Linnell approaches the counter to check out. Standing side-by-side, the clerk realizes that he’s made a huge mistake. However, his hangover prevents him from remembering the name of the band.

Clerk (awkwardly): Hey . . . it’s you guys . . . would you mind signing this? (Bandjam flyer)

(Both Johns smile politely, sign flyer and then stare blankly at the clerk)

Clerk (trying to laugh it off as he hands Flansburgh his bag): So . . . should I save you a spot down front on Saturday?

No response as the purchases are collected and the Johns file out.
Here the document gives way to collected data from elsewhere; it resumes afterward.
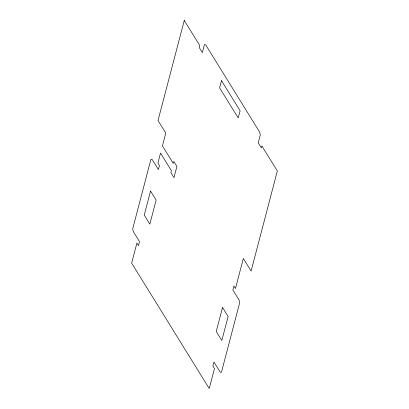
<?xml version="1.0" encoding="UTF-8"?>
<svg xmlns="http://www.w3.org/2000/svg" width="409" height="409" viewBox="0 0 409 409"><rect width="100%" height="100%" fill="white"/><g stroke="black" fill="none" stroke-linecap="round" stroke-linejoin="round"><path stroke-width="0.61" d="M184.27 20.45L158.022 120.502L165.778 133.048L162.419 145.855L173.278 163.416L173.799 161.412L176.903 166.432L173.963 177.634L170.86 172.618L171.386 170.619L160.527 153.058L157.9 163.063L159.454 165.573L158.406 169.571L152.199 159.541L150.952 159.234L132.685 228.871L133.298 231.576L139.505 241.612L138.457 245.615L136.903 243.104L131.652 263.115L209.219 388.55L214.469 368.54L212.915 366.029L213.968 362.026L220.17 372.062L221.417 372.369L239.689 302.732L239.071 300.027L232.864 289.991L233.917 285.988L235.466 288.498L243.34 258.483L251.1 271.024L277.348 170.972L261.832 145.885L261.31 147.884L258.207 142.869L260.308 134.863L259.689 132.158L205.707 44.857L204.459 44.55L202.358 52.556L199.255 47.536L199.781 45.537L184.27 20.45M150.553 191.075L144.254 215.088L149.837 224.122L156.136 200.108L150.553 191.075M221.499 80.66L219.607 87.863L238.227 117.966L240.114 110.762L221.499 80.66M222.532 307.481L216.233 331.494L221.816 340.523L228.12 316.51L222.532 307.481"/></g></svg>
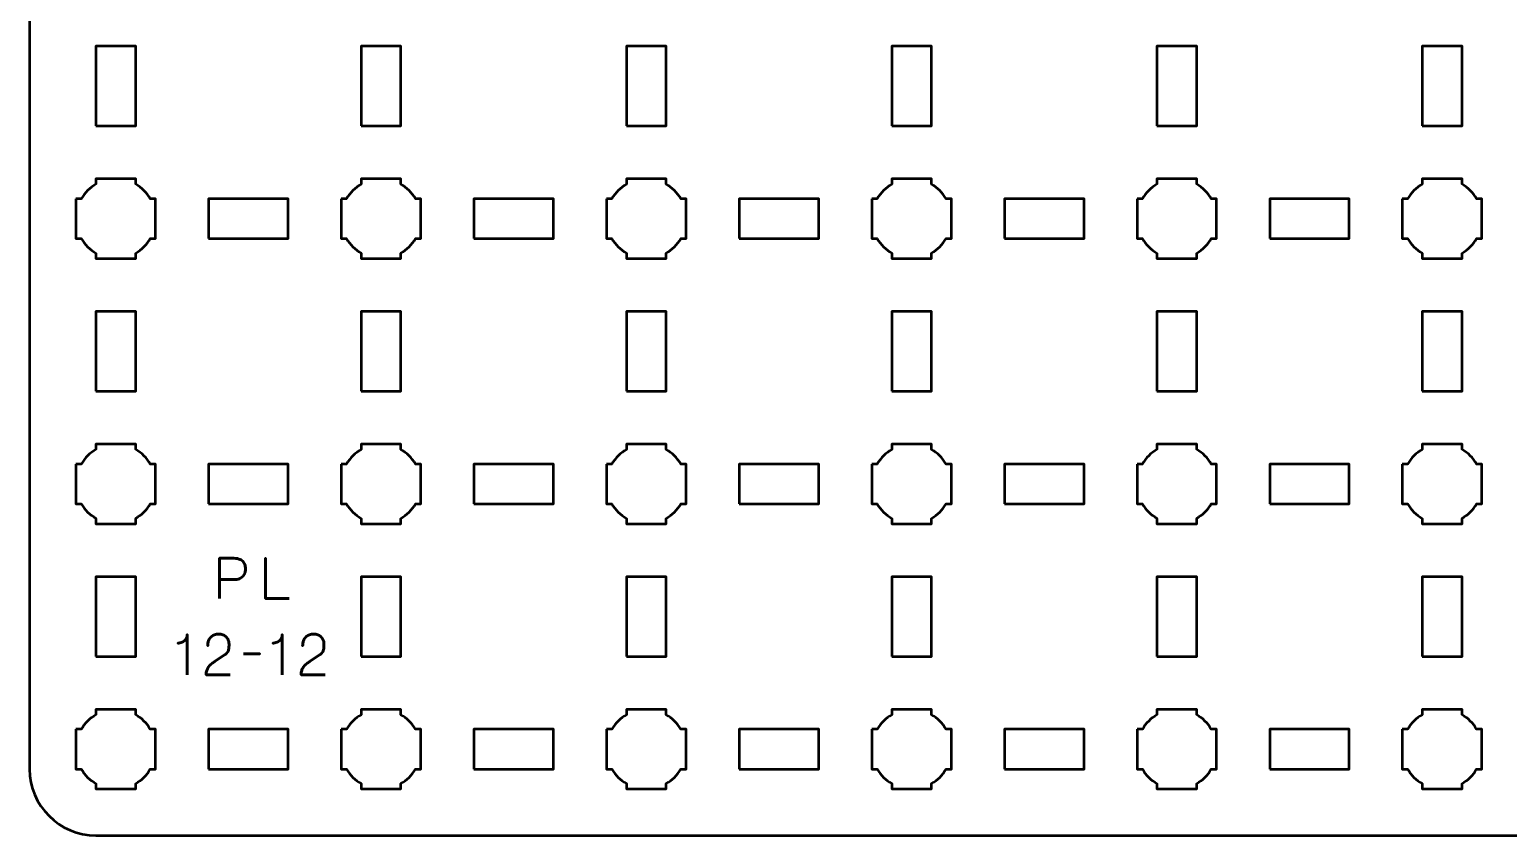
# Model space of a CAD drawing. Header units: centimetres. Extents: x -22.1 to 1.1, y -26.5 to -3.2.
# Drawn here: x -22.15 to -11, y -26.5 to -20.43 of the extents above; entities that cross this region are included whole.
import ezdxf

# ---------------------------------------------------------------- set-up
doc = ezdxf.new("R2010")
doc.units = ezdxf.units.CM
doc.header["$MEASUREMENT"] = 0
doc.layers.add('Layer 1', color=7, linetype='Continuous')

msp = doc.modelspace()

# ---------------------------------------------------------------- linework, layer by layer
at = {"layer": 'Layer 1', "color": 250, "lineweight": 53}
for points in [[(-21.65, -21.15), (-21.35, -21.15), (-21.35, -20.55), (-21.65, -20.55), (-21.65, -21.15)], [(-19.65, -21.15), (-19.35, -21.15), (-19.35, -20.55), (-19.65, -20.55), (-19.65, -21.15)], [(-17.65, -21.15), (-17.35, -21.15), (-17.35, -20.55), (-17.65, -20.55), (-17.65, -21.15)], [(-15.65, -21.15), (-15.35, -21.15), (-15.35, -20.55), (-15.65, -20.55), (-15.65, -21.15)], [(-13.65, -21.15), (-13.35, -21.15), (-13.35, -20.55), (-13.65, -20.55), (-13.65, -21.15)], [(-11.65, -21.15), (-11.35, -21.15), (-11.35, -20.55), (-11.65, -20.55), (-11.65, -21.15)], [(-20.8, -22), (-20.2, -22), (-20.2, -21.7), (-20.8, -21.7), (-20.8, -22)], [(-18.8, -22), (-18.2, -22), (-18.2, -21.7), (-18.8, -21.7), (-18.8, -22)], [(-16.8, -22), (-16.2, -22), (-16.2, -21.7), (-16.8, -21.7), (-16.8, -22)], [(-14.8, -22), (-14.2, -22), (-14.2, -21.7), (-14.8, -21.7), (-14.8, -22)], [(-12.8, -22), (-12.2, -22), (-12.2, -21.7), (-12.8, -21.7), (-12.8, -22)], [(-21.65, -23.15), (-21.35, -23.15), (-21.35, -22.55), (-21.65, -22.55), (-21.65, -23.15)], [(-19.65, -23.15), (-19.35, -23.15), (-19.35, -22.55), (-19.65, -22.55), (-19.65, -23.15)], [(-17.65, -23.15), (-17.35, -23.15), (-17.35, -22.55), (-17.65, -22.55), (-17.65, -23.15)], [(-15.65, -23.15), (-15.35, -23.15), (-15.35, -22.55), (-15.65, -22.55), (-15.65, -23.15)], [(-13.65, -23.15), (-13.35, -23.15), (-13.35, -22.55), (-13.65, -22.55), (-13.65, -23.15)], [(-11.65, -23.15), (-11.35, -23.15), (-11.35, -22.55), (-11.65, -22.55), (-11.65, -23.15)], [(-20.8, -24), (-20.2, -24), (-20.2, -23.7), (-20.8, -23.7), (-20.8, -24)], [(-18.8, -24), (-18.2, -24), (-18.2, -23.7), (-18.8, -23.7), (-18.8, -24)], [(-16.8, -24), (-16.2, -24), (-16.2, -23.7), (-16.8, -23.7), (-16.8, -24)], [(-14.8, -24), (-14.2, -24), (-14.2, -23.7), (-14.8, -23.7), (-14.8, -24)], [(-12.8, -24), (-12.2, -24), (-12.2, -23.7), (-12.8, -23.7), (-12.8, -24)], [(-21.65, -25.15), (-21.35, -25.15), (-21.35, -24.55), (-21.65, -24.55), (-21.65, -25.15)], [(-19.65, -25.15), (-19.35, -25.15), (-19.35, -24.55), (-19.65, -24.55), (-19.65, -25.15)], [(-17.65, -25.15), (-17.35, -25.15), (-17.35, -24.55), (-17.65, -24.55), (-17.65, -25.15)], [(-15.65, -25.15), (-15.35, -25.15), (-15.35, -24.55), (-15.65, -24.55), (-15.65, -25.15)], [(-13.65, -25.15), (-13.35, -25.15), (-13.35, -24.55), (-13.65, -24.55), (-13.65, -25.15)], [(-11.65, -25.15), (-11.35, -25.15), (-11.35, -24.55), (-11.65, -24.55), (-11.65, -25.15)], [(-20.8, -26), (-20.2, -26), (-20.2, -25.7), (-20.8, -25.7), (-20.8, -26)], [(-18.8, -26), (-18.2, -26), (-18.2, -25.7), (-18.8, -25.7), (-18.8, -26)], [(-16.8, -26), (-16.2, -26), (-16.2, -25.7), (-16.8, -25.7), (-16.8, -26)], [(-14.8, -26), (-14.2, -26), (-14.2, -25.7), (-14.8, -25.7), (-14.8, -26)], [(-12.8, -26), (-12.2, -26), (-12.2, -25.7), (-12.8, -25.7), (-12.8, -26)]]:
    msp.add_lwpolyline(points, close=True, dxfattribs=at)
msp.add_open_spline([(-22.15, -26), (-22.15, -26), (-22.15, -3.7), (-22.15, -3.7), (-22.15, -3.7), (-22.15, -3.42391), (-21.92609, -3.2), (-21.65, -3.2), (-21.65, -3.2), (-21.65, -3.2), (0.65, -3.2), (0.65, -3.2), (0.65, -3.2), (0.92609, -3.2), (1.15, -3.42391), (1.15, -3.7), (1.15, -3.7), (1.15, -3.7), (1.15, -26), (1.15, -26), (1.15, -26), (1.15, -26.27609), (0.92609, -26.5), (0.65, -26.5), (0.65, -26.5), (0.65, -26.5), (-21.65, -26.5), (-21.65, -26.5), (-21.65, -26.5), (-21.92609, -26.5), (-22.15, -26.27609), (-22.15, -26)], degree=3, knots=[0, 0, 0, 0, 0.125, 0.125, 0.125, 0.125, 0.25, 0.25, 0.25, 0.25, 0.375, 0.375, 0.375, 0.375, 0.5, 0.5, 0.5, 0.5, 0.625, 0.625, 0.625, 0.625, 0.75, 0.75, 0.75, 0.75, 0.875, 0.875, 0.875, 0.875, 1, 1, 1, 1], dxfattribs=at)
at = {"layer": 'Layer 1', "lineweight": 53}
for points in [[(-21.8, -21.7), (-21.8, -21.7), (-21.75985, -21.7), (-21.75985, -21.7), (-21.75985, -21.7), (-21.7335, -21.65447), (-21.69553, -21.6165), (-21.65, -21.59015), (-21.65, -21.59015), (-21.65, -21.59015), (-21.65, -21.55), (-21.65, -21.55), (-21.65, -21.55), (-21.65, -21.55), (-21.5, -21.55), (-21.5, -21.55), (-21.5, -21.55), (-21.5, -21.55), (-21.35, -21.55), (-21.35, -21.55), (-21.35, -21.55), (-21.35, -21.55), (-21.35, -21.59015), (-21.35, -21.59015), (-21.35, -21.59015), (-21.30447, -21.6165), (-21.2665, -21.65447), (-21.24015, -21.7), (-21.24015, -21.7), (-21.24015, -21.7), (-21.2, -21.7), (-21.2, -21.7), (-21.2, -21.7), (-21.2, -21.7), (-21.2, -21.85), (-21.2, -21.85), (-21.2, -21.85), (-21.2, -21.85), (-21.2, -22), (-21.2, -22), (-21.2, -22), (-21.2, -22), (-21.24015, -22), (-21.24015, -22), (-21.24015, -22), (-21.2665, -22.04553), (-21.30447, -22.0835), (-21.35, -22.10985), (-21.35, -22.10985), (-21.35, -22.10985), (-21.35, -22.15), (-21.35, -22.15), (-21.35, -22.15), (-21.35, -22.15), (-21.5, -22.15), (-21.5, -22.15), (-21.5, -22.15), (-21.5, -22.15), (-21.65, -22.15), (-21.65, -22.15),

Tales from the Record Store - bonus
Approximately two weeks later . . .
Better Than Ezra’s singer/guitarist Kevin Griffin is spotted but, again, mistaken as someone new to the C-U music scene. The band is in town for a show at Follinger Auditorium. The clerk approaches and Griffin acknowledges him. About two sentences in the clerk realizes that, again, he’s made a huge mistake . . . yet can’t place the singer with his band. He wishes him a good show and decides to limit his participation in dollar pint night.

"I'M WITH THE BANNED!": COUNCIL PERSON DEBORAH FRANK FEINEN RESPONDS TO PLEA TO REPEAL THE BAN!


To: Champaign City Council
Subject: RE: Repeal Hastily Adoped Oridnance ASAP!


Once again I have nothing but praise for esteemed members of the Champaign City Council Vic McIntosh, Deb Frank Feinen, that one new woman who was a Child Care Director, the Mayor and the guy who manages the tobacco store.

Our community deserves representation by individuals who will not only shrewdly identify ordinances - hastily enacted by previous City Councils - which have unequivocally adversely effected local business, but will also work fervently to reverse them.

It was a sad day when one of the area's most beloved nightclubs, Mabel's, closed its doors in 2000 after the City Council rushed to enact an ordinance limiting its liquor sales. Perhaps Paul Faber will find some solace - or even raise a toast with an alcoholic libation - when the first "Topless Adult Entertainment" venue opens its doors on campus.

I am certain the Mayor himself will heartily endorse a proposal to overturn the ban and cheerfully proclaim, "I don't think it's ever been proven that there have been any deaths from (viewing naked boobies)."

Regards,

Don Gerard - 2011
XXXX X. XXXXX Street
Champaign, Illinois 61821

>From: "Deborah Frank Feinen"
>To: "Don Gerard"
>Subject: RE: Repeal Hastily Adoped Oridnance ASAP!
>Date: Thu, 3 May 2007 10:02:47 -0500

>
>Thank you for the e-mail.


Tuesday, May 1, 2007

Next Position Please


Cheap Trick guitar wizard Rick Nielsen's new line of acoustics fails to find its market. "A couple more necks should do it," Nielsen was heard to say after disappointing first quarter sales were released.